### Your instructions:
Among the records, which lines include "name"? List them.

Stored dataset items

= = = =

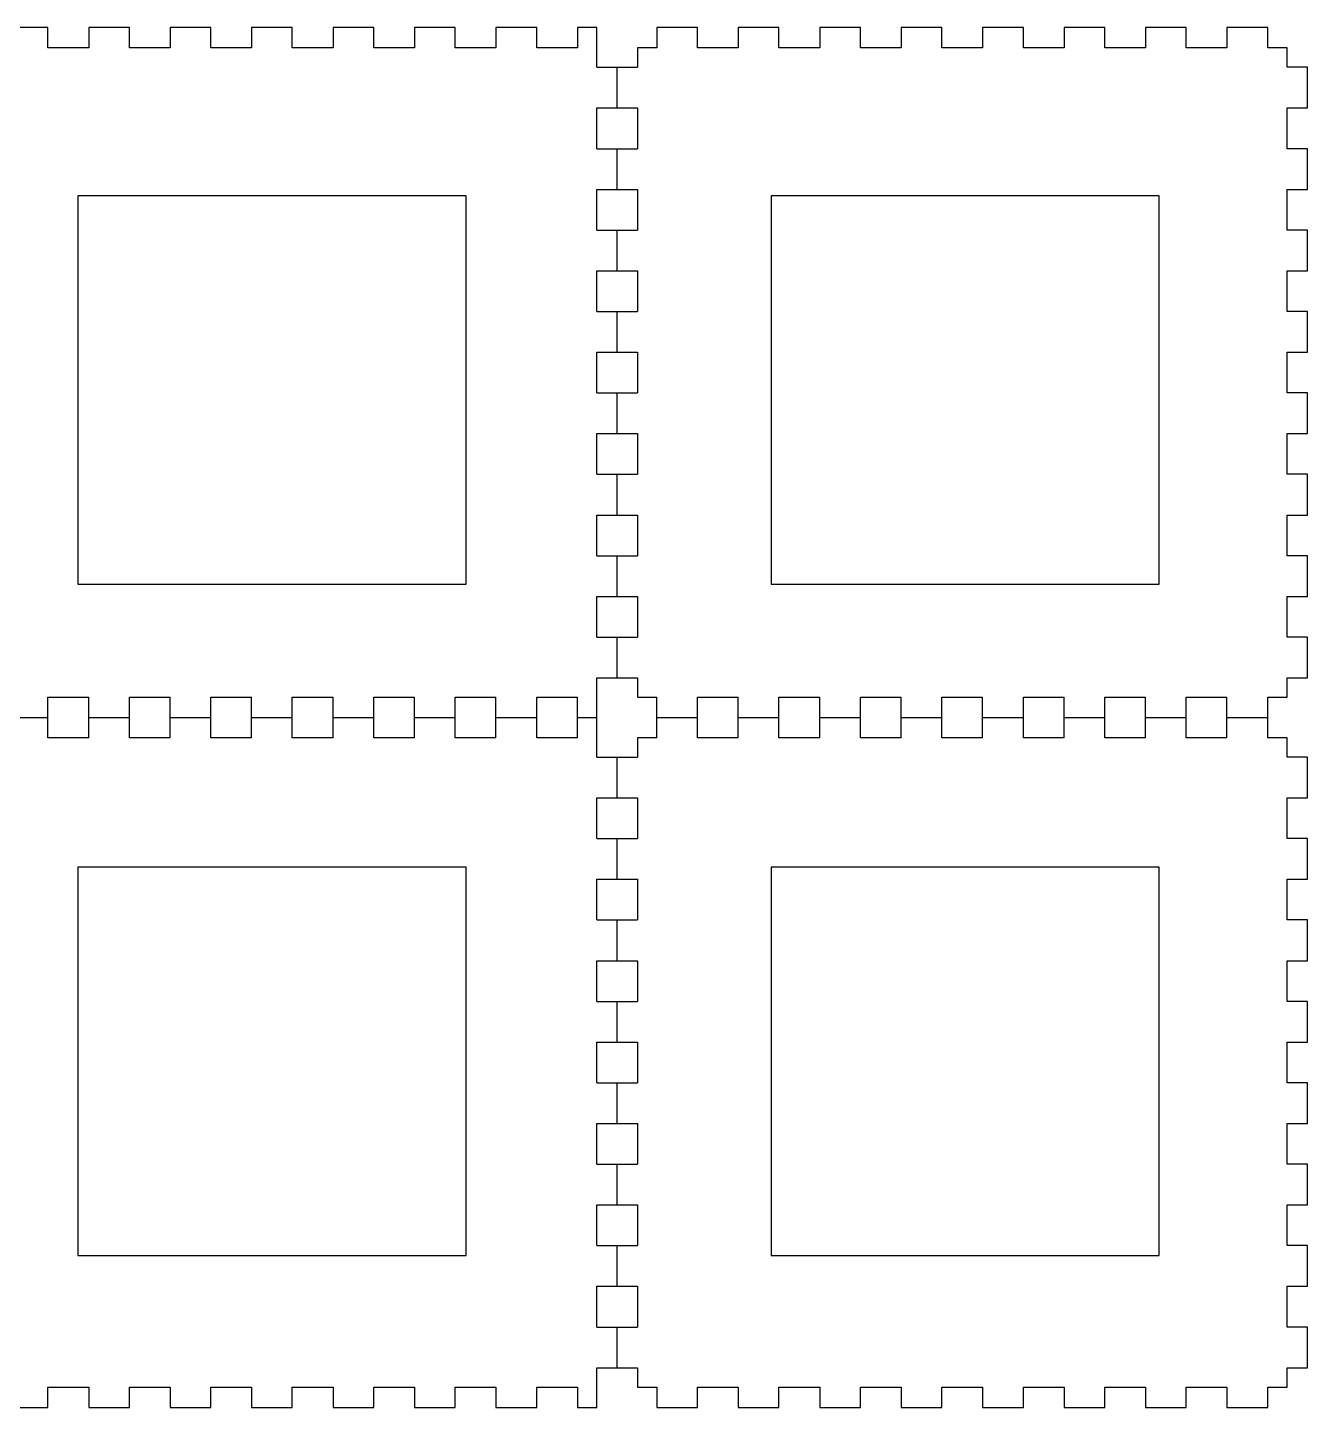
# Model space of a CAD drawing. Extents: x -152 to 152, y -102 to 102.
# Drawn here: x -36 to 152.4, y -101.6 to 101.6 of the extents above; entities that cross this region are included whole.
import ezdxf

# ---------------------------------------------------------------- set-up
doc = ezdxf.new("R2010")
doc.units = 0
for name, color, linetype in [('BOTTOM_OUTSIDECUTPATH', 7, 'CONTINUOUS'), ('LAYER_1', 7, 'CONTINUOUS'), ('LEFT_OUTSIDECUTPATH', 7, 'CONTINUOUS'), ('RIGHT_OUTSIDECUTPATH', 7, 'CONTINUOUS'), ('TOP_OUTSIDECUTPATH', 7, 'CONTINUOUS')]:
    doc.layers.add(name, color=color, linetype=linetype)

msp = doc.modelspace()

# ---------------------------------------------------------------- linework, layer by layer
at = {"layer": 'BOTTOM_OUTSIDECUTPATH'}
for points in [[(62.6364, 101.6), (62.6364, 101.6), (56.642, 101.6), (56.642, 101.6)], [(56.642, 101.6), (56.642, 101.6), (56.642, 98.6028), (56.642, 98.6028)], [(62.6364, 98.6028), (62.6364, 98.6028), (62.6364, 101.6), (62.6364, 101.6)], [(74.6252, 101.6), (74.6252, 101.6), (68.6308, 101.6), (68.6308, 101.6)], [(68.6308, 101.6), (68.6308, 101.6), (68.6308, 98.6028), (68.6308, 98.6028)], [(74.6252, 98.6028), (74.6252, 98.6028), (74.6252, 101.6), (74.6252, 101.6)], [(86.614, 101.6), (86.614, 101.6), (80.6196, 101.6), (80.6196, 101.6)], [(80.6196, 101.6), (80.6196, 101.6), (80.6196, 98.6028), (80.6196, 98.6028)], [(86.614, 98.6028), (86.614, 98.6028), (86.614, 101.6), (86.614, 101.6)], [(98.6028, 101.6), (98.6028, 101.6), (92.6084, 101.6), (92.6084, 101.6)], [(92.6084, 101.6), (92.6084, 101.6), (92.6084, 98.6028), (92.6084, 98.6028)], [(98.6028, 98.6028), (98.6028, 98.6028), (98.6028, 101.6), (98.6028, 101.6)], [(110.5916, 101.6), (110.5916, 101.6), (104.5972, 101.6), (104.5972, 101.6)], [(104.5972, 101.6), (104.5972, 101.6), (104.5972, 98.6028), (104.5972, 98.6028)], [(110.5916, 98.6028), (110.5916, 98.6028), (110.5916, 101.6), (110.5916, 101.6)], [(122.5804, 101.6), (122.5804, 101.6), (116.586, 101.6), (116.586, 101.6)], [(116.586, 101.6), (116.586, 101.6), (116.586, 98.6028), (116.586, 98.6028)], [(122.5804, 98.6028), (122.5804, 98.6028), (122.5804, 101.6), (122.5804, 101.6)], [(134.5692, 101.6), (134.5692, 101.6), (128.5748, 101.6), (128.5748, 101.6)], [(128.5748, 101.6), (128.5748, 101.6), (128.5748, 98.6028), (128.5748, 98.6028)], [(134.5692, 98.6028), (134.5692, 98.6028), (134.5692, 101.6), (134.5692, 101.6)], [(146.558, 101.6), (146.558, 101.6), (140.5636, 101.6), (140.5636, 101.6)], [(140.5636, 101.6), (140.5636, 101.6), (140.5636, 98.6028), (140.5636, 98.6028)], [(146.558, 98.6028), (146.558, 98.6028), (146.558, 101.6), (146.558, 101.6)], [(53.7972, 98.6028), (53.7972, 98.6028), (53.7972, 95.758), (53.7972, 95.758)], [(56.642, 98.6028), (56.642, 98.6028), (53.7972, 98.6028), (53.7972, 98.6028)], [(68.6308, 98.6028), (68.6308, 98.6028), (62.6364, 98.6028), (62.6364, 98.6028)], [(80.6196, 98.6028), (80.6196, 98.6028), (74.6252, 98.6028), (74.6252, 98.6028)], [(92.6084, 98.6028), (92.6084, 98.6028), (86.614, 98.6028), (86.614, 98.6028)], [(104.5972, 98.6028), (104.5972, 98.6028), (98.6028, 98.6028), (98.6028, 98.6028)], [(116.586, 98.6028), (116.586, 98.6028), (110.5916, 98.6028), (110.5916, 98.6028)], [(128.5748, 98.6028), (128.5748, 98.6028), (122.5804, 98.6028), (122.5804, 98.6028)], [(140.5636, 98.6028), (140.5636, 98.6028), (134.5692, 98.6028), (134.5692, 98.6028)], [(149.4028, 98.6028), (149.4028, 98.6028), (146.558, 98.6028), (146.558, 98.6028)], [(149.4028, 95.758), (149.4028, 95.758), (149.4028, 98.6028), (149.4028, 98.6028)], [(152.4, 95.758), (152.4, 95.758), (149.4028, 95.758), (149.4028, 95.758)], [(152.4, 89.7636), (152.4, 89.7636), (152.4, 95.758), (152.4, 95.758)], [(53.7972, 89.7636), (53.7972, 89.7636), (53.7972, 83.7692), (53.7972, 83.7692)], [(149.4028, 83.7692), (149.4028, 83.7692), (149.4028, 89.7636), (149.4028, 89.7636)], [(149.4028, 89.7636), (149.4028, 89.7636), (152.4, 89.7636), (152.4, 89.7636)], [(152.4, 83.7692), (152.4, 83.7692), (149.4028, 83.7692), (149.4028, 83.7692)], [(152.4, 77.7748), (152.4, 77.7748), (152.4, 83.7692), (152.4, 83.7692)], [(53.7972, 77.7748), (53.7972, 77.7748), (53.7972, 71.7804), (53.7972, 71.7804)], [(149.4028, 71.7804), (149.4028, 71.7804), (149.4028, 77.7748), (149.4028, 77.7748)], [(149.4028, 77.7748), (149.4028, 77.7748), (152.4, 77.7748), (152.4, 77.7748)], [(152.4, 71.7804), (152.4, 71.7804), (149.4028, 71.7804), (149.4028, 71.7804)], [(152.4, 65.786), (152.4, 65.786), (152.4, 71.7804), (152.4, 71.7804)], [(53.7972, 65.786), (53.7972, 65.786), (53.7972, 59.7916), (53.7972, 59.7916)], [(149.4028, 59.7916), (149.4028, 59.7916), (149.4028, 65.786), (149.4028, 65.786)], [(149.4028, 65.786), (149.4028, 65.786), (152.4, 65.786), (152.4, 65.786)], [(152.4, 59.7916), (152.4, 59.7916), (149.4028, 59.7916), (149.4028, 59.7916)], [(152.4, 53.7972), (152.4, 53.7972), (152.4, 59.7916), (152.4, 59.7916)], [(53.7972, 53.7972), (53.7972, 53.7972), (53.7972, 47.8028), (53.7972, 47.8028)], [(149.4028, 47.8028), (149.4028, 47.8028), (149.4028, 53.7972), (149.4028, 53.7972)], [(149.4028, 53.7972), (149.4028, 53.7972), (152.4, 53.7972), (152.4, 53.7972)], [(152.4, 47.8028), (152.4, 47.8028), (149.4028, 47.8028), (149.4028, 47.8028)], [(152.4, 41.8084), (152.4, 41.8084), (152.4, 47.8028), (152.4, 47.8028)], [(53.7972, 41.8084), (53.7972, 41.8084), (53.7972, 35.814), (53.7972, 35.814)], [(149.4028, 35.814), (149.4028, 35.814), (149.4028, 41.8084), (149.4028, 41.8084)], [(149.4028, 41.8084), (149.4028, 41.8084), (152.4, 41.8084), (152.4, 41.8084)], [(152.4, 35.814), (152.4, 35.814), (149.4028, 35.814), (149.4028, 35.814)], [(152.4, 29.8196), (152.4, 29.8196), (152.4, 35.814), (152.4, 35.814)], [(53.7972, 29.8196), (53.7972, 29.8196), (53.7972, 23.8252), (53.7972, 23.8252)], [(149.4028, 23.8252), (149.4028, 23.8252), (149.4028, 29.8196), (149.4028, 29.8196)], [(149.4028, 29.8196), (149.4028, 29.8196), (152.4, 29.8196), (152.4, 29.8196)], [(152.4, 23.8252), (152.4, 23.8252), (149.4028, 23.8252), (149.4028, 23.8252)], [(152.4, 17.8308), (152.4, 17.8308), (152.4, 23.8252), (152.4, 23.8252)], [(53.7972, 17.8308), (53.7972, 17.8308), (53.7972, 11.8364), (53.7972, 11.8364)], [(149.4028, 11.8364), (149.4028, 11.8364), (149.4028, 17.8308), (149.4028, 17.8308)], [(149.4028, 17.8308), (149.4028, 17.8308), (152.4, 17.8308), (152.4, 17.8308)], [(152.4, 11.8364), (152.4, 11.8364), (149.4028, 11.8364), (149.4028, 11.8364)], [(152.4, 5.842), (152.4, 5.842), (152.4, 11.8364), (152.4, 11.8364)], [(53.7972, 5.842), (53.7972, 5.842), (53.7972, 2.9972), (53.7972, 2.9972)], [(149.4028, 2.9972), (149.4028, 2.9972), (149.4028, 5.842), (149.4028, 5.842)], [(149.4028, 5.842), (149.4028, 5.842), (152.4, 5.842), (152.4, 5.842)], [(53.7972, 2.9972), (53.7972, 2.9972), (56.642, 2.9972), (56.642, 2.9972)], [(62.6364, 2.9972), (62.6364, 2.9972), (68.6308, 2.9972), (68.6308, 2.9972)], [(74.6252, 2.9972), (74.6252, 2.9972), (80.6196, 2.9972), (80.6196, 2.9972)], [(86.614, 2.9972), (86.614, 2.9972), (92.6084, 2.9972), (92.6084, 2.9972)], [(98.6028, 2.9972), (98.6028, 2.9972), (104.5972, 2.9972), (104.5972, 2.9972)], [(110.5916, 2.9972), (110.5916, 2.9972), (116.586, 2.9972), (116.586, 2.9972)], [(122.5804, 2.9972), (122.5804, 2.9972), (128.5748, 2.9972), (128.5748, 2.9972)], [(134.5692, 2.9972), (134.5692, 2.9972), (140.5636, 2.9972), (140.5636, 2.9972)], [(146.558, 2.9972), (146.558, 2.9972), (149.4028, 2.9972), (149.4028, 2.9972)]]:
    msp.add_open_spline(points, degree=3, dxfattribs=at)
at = {"layer": 'LAYER_1', "color": 250}
for points in [[(-28.571, 19.6591), (28.579, 19.6591), (28.579, 76.8091), (-28.571, 76.8091), (-28.571, 19.6591)], [(73.4524, 19.6591), (130.6024, 19.6591), (130.6024, 76.8091), (73.4524, 76.8091), (73.4524, 19.6591)], [(-28.571, -79.2101), (28.579, -79.2101), (28.579, -22.0601), (-28.571, -22.0601), (-28.571, -79.2101)], [(73.4524, -79.2101), (130.6024, -79.2101), (130.6024, -22.0601), (73.4524, -22.0601), (73.4524, -79.2101)]]:
    msp.add_lwpolyline(points, close=True, dxfattribs=at)
at = {"layer": 'LEFT_OUTSIDECUTPATH'}
for points in [[(47.8028, -5.842), (47.8028, -5.842), (47.8028, 5.842), (47.8028, 5.842)], [(-32.9692, -2.9972), (-32.9692, -2.9972), (-32.9692, 2.9972), (-32.9692, 2.9972)], [(-26.9748, -2.9972), (-26.9748, -2.9972), (-26.9748, 2.9972), (-26.9748, 2.9972)], [(-20.9804, -2.9972), (-20.9804, -2.9972), (-20.9804, 2.9972), (-20.9804, 2.9972)], [(-14.986, -2.9972), (-14.986, -2.9972), (-14.986, 2.9972), (-14.986, 2.9972)], [(-8.9916, -2.9972), (-8.9916, -2.9972), (-8.9916, 2.9972), (-8.9916, 2.9972)], [(-2.9972, -2.9972), (-2.9972, -2.9972), (-2.9972, 2.9972), (-2.9972, 2.9972)], [(2.9972, -2.9972), (2.9972, -2.9972), (2.9972, 2.9972), (2.9972, 2.9972)], [(8.9916, -2.9972), (8.9916, -2.9972), (8.9916, 2.9972), (8.9916, 2.9972)], [(14.986, -2.9972), (14.986, -2.9972), (14.986, 2.9972), (14.986, 2.9972)], [(20.9804, -2.9972), (20.9804, -2.9972), (20.9804, 2.9972), (20.9804, 2.9972)], [(26.9748, -2.9972), (26.9748, -2.9972), (26.9748, 2.9972), (26.9748, 2.9972)], [(32.9692, -2.9972), (32.9692, -2.9972), (32.9692, 2.9972), (32.9692, 2.9972)], [(38.9636, -2.9972), (38.9636, -2.9972), (38.9636, 2.9972), (38.9636, 2.9972)], [(44.958, -2.9972), (44.958, -2.9972), (44.958, 2.9972), (44.958, 2.9972)], [(-38.9636, 0), (-38.9636, 0), (-32.9692, 0), (-32.9692, 0)], [(-26.9748, 0), (-26.9748, 0), (-20.9804, 0), (-20.9804, 0)], [(-14.986, 0), (-14.986, 0), (-8.9916, 0), (-8.9916, 0)], [(-2.9972, 0), (-2.9972, 0), (2.9972, 0), (2.9972, 0)], [(8.9916, 0), (8.9916, 0), (14.986, 0), (14.986, 0)], [(20.9804, 0), (20.9804, 0), (26.9748, 0), (26.9748, 0)], [(32.9692, 0), (32.9692, 0), (38.9636, 0), (38.9636, 0)], [(44.958, 0), (44.958, 0), (47.8028, 0), (47.8028, 0)], [(-26.9748, -2.9972), (-26.9748, -2.9972), (-32.9692, -2.9972), (-32.9692, -2.9972)], [(-14.986, -2.9972), (-14.986, -2.9972), (-20.9804, -2.9972), (-20.9804, -2.9972)], [(-2.9972, -2.9972), (-2.9972, -2.9972), (-8.9916, -2.9972), (-8.9916, -2.9972)], [(8.9916, -2.9972), (8.9916, -2.9972), (2.9972, -2.9972), (2.9972, -2.9972)], [(20.9804, -2.9972), (20.9804, -2.9972), (14.986, -2.9972), (14.986, -2.9972)], [(32.9692, -2.9972), (32.9692, -2.9972), (26.9748, -2.9972), (26.9748, -2.9972)], [(44.958, -2.9972), (44.958, -2.9972), (38.9636, -2.9972), (38.9636, -2.9972)], [(47.8028, -5.842), (47.8028, -5.842), (53.7972, -5.842), (53.7972, -5.842)], [(50.8, -11.8364), (50.8, -11.8364), (50.8, -5.842), (50.8, -5.842)], [(47.8028, -17.8308), (47.8028, -17.8308), (47.8028, -11.8364), (47.8028, -11.8364)], [(47.8028, -11.8364), (47.8028, -11.8364), (53.7972, -11.8364), (53.7972, -11.8364)], [(47.8028, -17.8308), (47.8028, -17.8308), (53.7972, -17.8308), (53.7972, -17.8308)], [(50.8, -23.8252), (50.8, -23.8252), (50.8, -17.8308), (50.8, -17.8308)], [(47.8028, -29.8196), (47.8028, -29.8196), (47.8028, -23.8252), (47.8028, -23.8252)], [(47.8028, -23.8252), (47.8028, -23.8252), (53.7972, -23.8252), (53.7972, -23.8252)], [(47.8028, -29.8196), (47.8028, -29.8196), (53.7972, -29.8196), (53.7972, -29.8196)], [(50.8, -35.814), (50.8, -35.814), (50.8, -29.8196), (50.8, -29.8196)], [(47.8028, -41.8084), (47.8028, -41.8084), (47.8028, -35.814), (47.8028, -35.814)], [(47.8028, -35.814), (47.8028, -35.814), (53.7972, -35.814), (53.7972, -35.814)], [(47.8028, -41.8084), (47.8028, -41.8084), (53.7972, -41.8084), (53.7972, -41.8084)], [(50.8, -47.8028), (50.8, -47.8028), (50.8, -41.8084), (50.8, -41.8084)], [(47.8028, -53.7972), (47.8028, -53.7972), (47.8028, -47.8028), (47.8028, -47.8028)], [(47.8028, -47.8028), (47.8028, -47.8028), (53.7972, -47.8028), (53.7972, -47.8028)], [(47.8028, -53.7972), (47.8028, -53.7972), (53.7972, -53.7972), (53.7972, -53.7972)], [(50.8, -59.7916), (50.8, -59.7916), (50.8, -53.7972), (50.8, -53.7972)], [(47.8028, -65.786), (47.8028, -65.786), (47.8028, -59.7916), (47.8028, -59.7916)], [(47.8028, -59.7916), (47.8028, -59.7916), (53.7972, -59.7916), (53.7972, -59.7916)], [(47.8028, -65.786), (47.8028, -65.786), (53.7972, -65.786), (53.7972, -65.786)], [(50.8, -71.7804), (50.8, -71.7804), (50.8, -65.786), (50.8, -65.786)], [(47.8028, -77.7748), (47.8028, -77.7748), (47.8028, -71.7804), (47.8028, -71.7804)], [(47.8028, -71.7804), (47.8028, -71.7804), (53.7972, -71.7804), (53.7972, -71.7804)], [(47.8028, -77.7748), (47.8028, -77.7748), (53.7972, -77.7748), (53.7972, -77.7748)], [(50.8, -83.7692), (50.8, -83.7692), (50.8, -77.7748), (50.8, -77.7748)], [(47.8028, -89.7636), (47.8028, -89.7636), (47.8028, -83.7692), (47.8028, -83.7692)], [(47.8028, -83.7692), (47.8028, -83.7692), (53.7972, -83.7692), (53.7972, -83.7692)], [(47.8028, -89.7636), (47.8028, -89.7636), (53.7972, -89.7636), (53.7972, -89.7636)], [(50.8, -95.758), (50.8, -95.758), (50.8, -89.7636), (50.8, -89.7636)], [(47.8028, -101.6), (47.8028, -101.6), (47.8028, -95.758), (47.8028, -95.758)], [(47.8028, -95.758), (47.8028, -95.758), (53.7972, -95.758), (53.7972, -95.758)], [(-32.9692, -101.6), (-32.9692, -101.6), (-32.9692, -98.6028), (-32.9692, -98.6028)], [(-32.9692, -98.6028), (-32.9692, -98.6028), (-26.9748, -98.6028), (-26.9748, -98.6028)], [(-26.9748, -98.6028), (-26.9748, -98.6028), (-26.9748, -101.6), (-26.9748, -101.6)], [(-20.9804, -101.6), (-20.9804, -101.6), (-20.9804, -98.6028), (-20.9804, -98.6028)], [(-20.9804, -98.6028), (-20.9804, -98.6028), (-14.986, -98.6028), (-14.986, -98.6028)], [(-14.986, -98.6028), (-14.986, -98.6028), (-14.986, -101.6), (-14.986, -101.6)], [(-8.9916, -101.6), (-8.9916, -101.6), (-8.9916, -98.6028), (-8.9916, -98.6028)], [(-8.9916, -98.6028), (-8.9916, -98.6028), (-2.9972, -98.6028), (-2.9972, -98.6028)], [(-2.9972, -98.6028), (-2.9972, -98.6028), (-2.9972, -101.6), (-2.9972, -101.6)], [(2.9972, -101.6), (2.9972, -101.6), (2.9972, -98.6028), (2.9972, -98.6028)], [(2.9972, -98.6028), (2.9972, -98.6028), (8.9916, -98.6028), (8.9916, -98.6028)], [(8.9916, -98.6028), (8.9916, -98.6028), (8.9916, -101.6), (8.9916, -101.6)], [(14.986, -101.6), (14.986, -101.6), (14.986, -98.6028), (14.986, -98.6028)], [(14.986, -98.6028), (14.986, -98.6028), (20.9804, -98.6028), (20.9804, -98.6028)], [(20.9804, -98.6028), (20.9804, -98.6028), (20.9804, -101.6), (20.9804, -101.6)], [(26.9748, -101.6), (26.9748, -101.6), (26.9748, -98.6028), (26.9748, -98.6028)], [(26.9748, -98.6028), (26.9748, -98.6028), (32.9692, -98.6028), (32.9692, -98.6028)], [(32.9692, -98.6028), (32.9692, -98.6028), (32.9692, -101.6), (32.9692, -101.6)], [(38.9636, -101.6), (38.9636, -101.6), (38.9636, -98.6028), (38.9636, -98.6028)], [(38.9636, -98.6028), (38.9636, -98.6028), (44.958, -98.6028), (44.958, -98.6028)], [(44.958, -98.6028), (44.958, -98.6028), (44.958, -101.6), (44.958, -101.6)], [(-38.9636, -101.6), (-38.9636, -101.6), (-32.9692, -101.6), (-32.9692, -101.6)], [(-26.9748, -101.6), (-26.9748, -101.6), (-20.9804, -101.6), (-20.9804, -101.6)], [(-14.986, -101.6), (-14.986, -101.6), (-8.9916, -101.6), (-8.9916, -101.6)], [(-2.9972, -101.6), (-2.9972, -101.6), (2.9972, -101.6), (2.9972, -101.6)], [(8.9916, -101.6), (8.9916, -101.6), (14.986, -101.6), (14.986, -101.6)], [(20.9804, -101.6), (20.9804, -101.6), (26.9748, -101.6), (26.9748, -101.6)], [(32.9692, -101.6), (32.9692, -101.6), (38.9636, -101.6), (38.9636, -101.6)], [(44.958, -101.6), (44.958, -101.6), (47.8028, -101.6), (47.8028, -101.6)]]:
    msp.add_open_spline(points, degree=3, dxfattribs=at)
at = {"layer": 'RIGHT_OUTSIDECUTPATH'}
for points in [[(-32.9692, 101.6), (-32.9692, 101.6), (-38.9636, 101.6), (-38.9636, 101.6)], [(-32.9692, 98.6028), (-32.9692, 98.6028), (-32.9692, 101.6), (-32.9692, 101.6)], [(-20.9804, 101.6), (-20.9804, 101.6), (-26.9748, 101.6), (-26.9748, 101.6)], [(-26.9748, 101.6), (-26.9748, 101.6), (-26.9748, 98.6028), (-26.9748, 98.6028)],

= = = =

### Problem solution:
for name, color, linetype in [('BOTTOM_OUTSIDECUTPATH', 7, 'CONTINUOUS'), ('LAYER_1', 7, 'CONTINUOUS'), ('LEFT_OUTSIDECUTPATH', 7, 'CONTINUOUS'), ('RIGHT_OUTSIDECUTPATH', 7, 'CONTINUOUS'), ('TOP_OUTSIDECUTPATH', 7, 'CONTINUOUS')]:
    doc.layers.add(name, color=color, linetype=linetype)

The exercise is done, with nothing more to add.